Tuesday, June 16, 2009

Sexuality, Sex and health

http://mindfood.panthercustomer.com/upload/images/article_images/062008/36429ff9-e63d-4111-9071-eadbcea717c0.jpg
Great sex, it's no secret
It's all about changing our ideas about sexuality and starting to feel empowered.
BY Donna Duggan | Jun 04, 2008Download Link Here
Sexuality is simply the way you experience and express yourself as a sexual being.

According to Jacqueline Hellyer, for centuries many women have been struggling with their sexuality: “We’ve had the Madonna/whore mentality for so long – where you should be one or the other – that it’s really left women feeling confused.”

To get a better understanding of Hellyer’s work, I attend her “Luscious Woman” full-day, women-only workshop. The event offers the opportunity to “unleash the awesome power of your female sexuality”, which sounds new age and confronting, but I’m willing to keep an open mind.
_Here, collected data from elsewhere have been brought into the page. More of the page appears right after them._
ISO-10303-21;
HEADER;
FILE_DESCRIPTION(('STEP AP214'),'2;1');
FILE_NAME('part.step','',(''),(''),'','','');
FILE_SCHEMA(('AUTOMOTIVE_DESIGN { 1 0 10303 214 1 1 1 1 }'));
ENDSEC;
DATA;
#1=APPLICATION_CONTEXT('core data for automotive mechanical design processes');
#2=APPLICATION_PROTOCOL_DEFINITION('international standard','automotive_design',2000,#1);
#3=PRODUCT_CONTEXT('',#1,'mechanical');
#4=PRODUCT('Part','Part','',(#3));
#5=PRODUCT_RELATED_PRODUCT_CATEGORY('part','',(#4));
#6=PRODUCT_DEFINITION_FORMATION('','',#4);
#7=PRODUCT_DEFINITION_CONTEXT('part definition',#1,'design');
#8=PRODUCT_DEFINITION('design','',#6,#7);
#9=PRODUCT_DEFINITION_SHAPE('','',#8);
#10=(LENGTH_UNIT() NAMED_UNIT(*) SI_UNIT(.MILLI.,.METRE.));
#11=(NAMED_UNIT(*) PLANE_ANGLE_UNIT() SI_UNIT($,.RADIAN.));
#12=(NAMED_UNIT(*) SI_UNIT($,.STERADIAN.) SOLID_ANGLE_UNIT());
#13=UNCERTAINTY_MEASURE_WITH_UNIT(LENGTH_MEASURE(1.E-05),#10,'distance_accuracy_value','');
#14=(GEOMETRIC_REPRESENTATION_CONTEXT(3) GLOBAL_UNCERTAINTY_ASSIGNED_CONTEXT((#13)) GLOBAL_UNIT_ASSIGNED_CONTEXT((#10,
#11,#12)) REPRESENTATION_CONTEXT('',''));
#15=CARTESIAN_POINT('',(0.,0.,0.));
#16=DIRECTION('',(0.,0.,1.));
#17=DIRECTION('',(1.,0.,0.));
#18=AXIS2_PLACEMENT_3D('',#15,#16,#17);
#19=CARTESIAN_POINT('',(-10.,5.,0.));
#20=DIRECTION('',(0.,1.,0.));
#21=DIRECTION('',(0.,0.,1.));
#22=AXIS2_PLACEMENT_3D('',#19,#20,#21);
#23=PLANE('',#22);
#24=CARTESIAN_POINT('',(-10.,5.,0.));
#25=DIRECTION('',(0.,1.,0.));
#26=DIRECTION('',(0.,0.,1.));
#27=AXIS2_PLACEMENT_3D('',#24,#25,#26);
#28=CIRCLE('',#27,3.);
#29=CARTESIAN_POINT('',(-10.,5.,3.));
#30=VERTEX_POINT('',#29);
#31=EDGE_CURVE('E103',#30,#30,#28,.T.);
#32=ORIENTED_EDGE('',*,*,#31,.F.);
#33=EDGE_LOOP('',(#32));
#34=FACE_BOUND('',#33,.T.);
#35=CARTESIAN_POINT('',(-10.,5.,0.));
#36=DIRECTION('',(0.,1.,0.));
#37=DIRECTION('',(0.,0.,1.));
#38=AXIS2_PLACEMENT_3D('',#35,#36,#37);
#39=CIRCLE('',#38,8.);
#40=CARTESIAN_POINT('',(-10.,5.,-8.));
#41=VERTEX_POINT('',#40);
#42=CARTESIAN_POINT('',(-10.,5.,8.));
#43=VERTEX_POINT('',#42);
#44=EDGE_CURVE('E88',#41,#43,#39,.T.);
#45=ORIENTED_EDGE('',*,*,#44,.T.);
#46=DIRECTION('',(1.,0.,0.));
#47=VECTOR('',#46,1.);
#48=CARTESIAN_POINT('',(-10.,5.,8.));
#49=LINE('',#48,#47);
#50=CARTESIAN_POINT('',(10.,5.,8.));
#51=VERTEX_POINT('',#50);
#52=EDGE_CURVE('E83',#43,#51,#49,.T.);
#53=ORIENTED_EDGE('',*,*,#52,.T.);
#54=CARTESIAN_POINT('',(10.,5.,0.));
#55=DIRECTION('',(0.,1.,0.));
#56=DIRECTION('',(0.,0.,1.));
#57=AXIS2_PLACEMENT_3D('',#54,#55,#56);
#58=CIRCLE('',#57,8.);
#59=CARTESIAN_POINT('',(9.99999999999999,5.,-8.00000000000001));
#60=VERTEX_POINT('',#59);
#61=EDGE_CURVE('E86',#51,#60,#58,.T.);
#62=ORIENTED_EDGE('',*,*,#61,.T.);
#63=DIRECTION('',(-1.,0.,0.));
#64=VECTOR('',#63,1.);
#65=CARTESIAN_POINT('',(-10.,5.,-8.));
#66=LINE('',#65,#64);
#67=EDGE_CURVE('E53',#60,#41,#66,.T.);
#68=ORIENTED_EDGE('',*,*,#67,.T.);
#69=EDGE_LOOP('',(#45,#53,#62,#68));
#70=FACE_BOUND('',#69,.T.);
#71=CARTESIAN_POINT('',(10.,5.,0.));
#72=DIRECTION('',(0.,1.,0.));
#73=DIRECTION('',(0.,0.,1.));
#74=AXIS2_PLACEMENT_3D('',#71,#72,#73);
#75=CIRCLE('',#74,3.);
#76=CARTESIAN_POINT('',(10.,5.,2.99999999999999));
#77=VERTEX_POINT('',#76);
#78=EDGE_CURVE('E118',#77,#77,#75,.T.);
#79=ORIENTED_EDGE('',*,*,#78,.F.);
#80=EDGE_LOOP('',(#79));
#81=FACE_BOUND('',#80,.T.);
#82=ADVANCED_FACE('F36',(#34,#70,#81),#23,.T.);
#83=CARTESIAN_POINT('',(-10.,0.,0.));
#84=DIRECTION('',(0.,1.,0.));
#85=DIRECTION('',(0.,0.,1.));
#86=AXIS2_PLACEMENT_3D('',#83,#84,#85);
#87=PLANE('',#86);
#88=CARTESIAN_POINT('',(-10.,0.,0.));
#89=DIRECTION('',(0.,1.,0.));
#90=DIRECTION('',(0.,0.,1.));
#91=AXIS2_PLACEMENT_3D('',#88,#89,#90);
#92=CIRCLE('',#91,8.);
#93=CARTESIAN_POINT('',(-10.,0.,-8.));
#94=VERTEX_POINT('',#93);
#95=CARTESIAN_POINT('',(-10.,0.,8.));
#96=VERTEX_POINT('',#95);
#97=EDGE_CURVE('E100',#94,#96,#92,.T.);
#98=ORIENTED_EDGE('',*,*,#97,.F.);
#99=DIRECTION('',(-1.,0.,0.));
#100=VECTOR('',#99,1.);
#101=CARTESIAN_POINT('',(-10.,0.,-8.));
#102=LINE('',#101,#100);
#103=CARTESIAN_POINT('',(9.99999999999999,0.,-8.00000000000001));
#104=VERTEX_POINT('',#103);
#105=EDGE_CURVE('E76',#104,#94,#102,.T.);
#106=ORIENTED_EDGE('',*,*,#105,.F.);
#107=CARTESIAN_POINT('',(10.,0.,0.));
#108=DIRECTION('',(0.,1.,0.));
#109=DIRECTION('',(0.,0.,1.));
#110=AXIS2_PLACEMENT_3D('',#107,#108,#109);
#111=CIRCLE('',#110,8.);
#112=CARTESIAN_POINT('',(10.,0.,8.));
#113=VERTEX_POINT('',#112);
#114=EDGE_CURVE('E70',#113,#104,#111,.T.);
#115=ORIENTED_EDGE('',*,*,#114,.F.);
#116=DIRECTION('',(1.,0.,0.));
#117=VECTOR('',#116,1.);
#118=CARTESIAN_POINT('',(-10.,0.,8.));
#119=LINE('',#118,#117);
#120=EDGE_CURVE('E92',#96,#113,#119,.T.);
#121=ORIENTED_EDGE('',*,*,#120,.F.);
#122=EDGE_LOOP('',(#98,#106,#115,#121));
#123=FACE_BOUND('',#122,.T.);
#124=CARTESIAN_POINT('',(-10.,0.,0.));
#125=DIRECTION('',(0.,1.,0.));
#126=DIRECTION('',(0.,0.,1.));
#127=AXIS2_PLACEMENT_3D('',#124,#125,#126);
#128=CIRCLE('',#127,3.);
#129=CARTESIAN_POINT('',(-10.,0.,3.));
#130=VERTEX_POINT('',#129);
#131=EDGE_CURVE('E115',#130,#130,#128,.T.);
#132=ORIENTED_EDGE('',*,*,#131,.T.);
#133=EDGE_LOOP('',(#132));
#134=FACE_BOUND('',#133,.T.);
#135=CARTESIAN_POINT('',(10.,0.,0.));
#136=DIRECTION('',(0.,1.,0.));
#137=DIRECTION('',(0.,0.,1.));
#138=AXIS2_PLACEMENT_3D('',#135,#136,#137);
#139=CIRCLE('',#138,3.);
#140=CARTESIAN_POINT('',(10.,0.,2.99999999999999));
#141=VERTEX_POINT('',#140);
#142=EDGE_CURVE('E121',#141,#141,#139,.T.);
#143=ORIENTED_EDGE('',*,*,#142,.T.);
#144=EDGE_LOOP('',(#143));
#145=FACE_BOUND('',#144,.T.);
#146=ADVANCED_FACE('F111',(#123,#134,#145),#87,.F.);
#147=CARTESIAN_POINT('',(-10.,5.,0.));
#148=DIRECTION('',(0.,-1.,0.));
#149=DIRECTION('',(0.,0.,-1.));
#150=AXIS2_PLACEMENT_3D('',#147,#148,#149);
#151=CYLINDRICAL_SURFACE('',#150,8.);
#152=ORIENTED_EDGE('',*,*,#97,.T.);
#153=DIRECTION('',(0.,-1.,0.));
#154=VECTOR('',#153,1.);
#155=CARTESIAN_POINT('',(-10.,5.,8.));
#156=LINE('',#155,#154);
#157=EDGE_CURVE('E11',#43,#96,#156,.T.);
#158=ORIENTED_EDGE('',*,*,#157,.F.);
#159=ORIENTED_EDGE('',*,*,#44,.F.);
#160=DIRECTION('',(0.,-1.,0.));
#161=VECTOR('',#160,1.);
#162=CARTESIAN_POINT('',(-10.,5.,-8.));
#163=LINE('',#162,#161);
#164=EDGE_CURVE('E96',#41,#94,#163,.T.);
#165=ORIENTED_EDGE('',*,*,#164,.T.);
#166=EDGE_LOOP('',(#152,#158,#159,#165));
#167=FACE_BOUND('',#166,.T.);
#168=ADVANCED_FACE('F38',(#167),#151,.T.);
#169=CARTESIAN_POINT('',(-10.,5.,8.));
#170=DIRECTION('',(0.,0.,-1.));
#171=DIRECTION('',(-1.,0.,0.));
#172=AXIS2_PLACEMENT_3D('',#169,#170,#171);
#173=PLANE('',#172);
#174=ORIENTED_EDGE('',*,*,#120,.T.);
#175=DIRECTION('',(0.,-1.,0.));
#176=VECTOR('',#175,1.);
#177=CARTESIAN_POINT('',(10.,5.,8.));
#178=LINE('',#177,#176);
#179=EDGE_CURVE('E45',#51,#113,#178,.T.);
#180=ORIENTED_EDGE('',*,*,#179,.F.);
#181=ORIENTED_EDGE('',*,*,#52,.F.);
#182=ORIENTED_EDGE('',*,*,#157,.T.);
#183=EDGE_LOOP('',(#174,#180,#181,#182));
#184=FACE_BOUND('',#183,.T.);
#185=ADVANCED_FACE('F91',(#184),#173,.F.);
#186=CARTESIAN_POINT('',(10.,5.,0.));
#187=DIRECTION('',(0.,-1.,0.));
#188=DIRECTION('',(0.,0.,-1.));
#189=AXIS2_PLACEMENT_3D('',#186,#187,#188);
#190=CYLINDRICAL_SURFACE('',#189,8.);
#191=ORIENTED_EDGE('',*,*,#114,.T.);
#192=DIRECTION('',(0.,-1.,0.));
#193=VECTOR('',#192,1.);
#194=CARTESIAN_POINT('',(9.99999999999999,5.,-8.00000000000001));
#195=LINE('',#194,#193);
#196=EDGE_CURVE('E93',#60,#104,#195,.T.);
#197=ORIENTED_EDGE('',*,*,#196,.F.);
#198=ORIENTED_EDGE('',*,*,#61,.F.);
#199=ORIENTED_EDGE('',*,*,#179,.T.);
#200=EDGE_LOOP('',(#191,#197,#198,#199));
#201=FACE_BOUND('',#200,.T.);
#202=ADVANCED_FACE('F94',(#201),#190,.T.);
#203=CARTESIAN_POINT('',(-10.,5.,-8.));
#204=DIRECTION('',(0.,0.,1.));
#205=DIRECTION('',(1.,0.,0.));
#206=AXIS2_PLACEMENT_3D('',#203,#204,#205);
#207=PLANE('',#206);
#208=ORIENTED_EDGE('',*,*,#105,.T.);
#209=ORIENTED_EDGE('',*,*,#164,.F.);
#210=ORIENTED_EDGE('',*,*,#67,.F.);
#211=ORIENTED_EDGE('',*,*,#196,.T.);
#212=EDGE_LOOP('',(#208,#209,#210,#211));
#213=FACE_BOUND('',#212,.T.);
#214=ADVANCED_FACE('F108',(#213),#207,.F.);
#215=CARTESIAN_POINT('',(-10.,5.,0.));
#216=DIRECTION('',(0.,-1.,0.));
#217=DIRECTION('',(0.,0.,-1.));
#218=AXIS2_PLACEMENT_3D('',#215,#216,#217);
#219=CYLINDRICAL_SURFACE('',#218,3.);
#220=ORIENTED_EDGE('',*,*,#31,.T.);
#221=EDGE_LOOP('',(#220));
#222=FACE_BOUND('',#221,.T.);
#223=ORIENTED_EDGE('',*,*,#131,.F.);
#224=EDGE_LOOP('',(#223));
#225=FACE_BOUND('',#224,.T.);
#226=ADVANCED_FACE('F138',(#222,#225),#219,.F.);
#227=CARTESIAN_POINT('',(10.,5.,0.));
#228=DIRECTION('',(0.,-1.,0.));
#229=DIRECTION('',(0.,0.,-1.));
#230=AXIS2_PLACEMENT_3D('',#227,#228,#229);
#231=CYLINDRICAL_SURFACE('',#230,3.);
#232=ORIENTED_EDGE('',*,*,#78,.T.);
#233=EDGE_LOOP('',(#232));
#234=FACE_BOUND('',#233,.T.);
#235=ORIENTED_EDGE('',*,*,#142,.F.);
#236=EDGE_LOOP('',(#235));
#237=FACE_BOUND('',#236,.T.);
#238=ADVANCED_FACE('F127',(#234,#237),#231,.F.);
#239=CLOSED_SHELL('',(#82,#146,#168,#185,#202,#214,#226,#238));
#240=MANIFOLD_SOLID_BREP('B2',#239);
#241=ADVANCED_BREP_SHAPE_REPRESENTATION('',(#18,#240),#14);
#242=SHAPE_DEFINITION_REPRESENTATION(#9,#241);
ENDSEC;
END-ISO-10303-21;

At 8.30am I line up for registration with the other women who have chosen to part with $400 for the workshop. I’m surprised by how gorgeous they are. Surely they have nothing to unleash?

The 14 women range in age from mid-20s to mid-50s.

“Helping people get in touch with their sexuality and seeing it in a really positive way is my main focus,” Hellyer says, as she eases us into the day. “Many of the sexual problems that women in modern society have stem from the fact that we have a very narrow view of what sex is all about, and it’s not a particularly good view.

“Sex is an intrinsic part of our being. It’s as natural as eating food. However, society tries to compartmentalise the experience, to judge it as good or bad. It’s left a lot of people confused. No one really knows what they should or shouldn’t be doing.

Additionally, there’s not a lot of good information out there about how to optimise your sexual experience. My goal is to give people that information so they can experience sex as something that is life-enhancing and very, very enjoyable.”

Our first topic is a history lesson. “Prior to the patrilineal civilisation we live in today,” Hellyer says, “women were more empowered and free in how they expressed themselves sexually. When man set out to conquer the world and establish a more male-dominated religion, things changed. It’s now up to us to swing the pendulum back a bit and reclaim that sense of empowerment we once felt about our bodies and our sexuality.”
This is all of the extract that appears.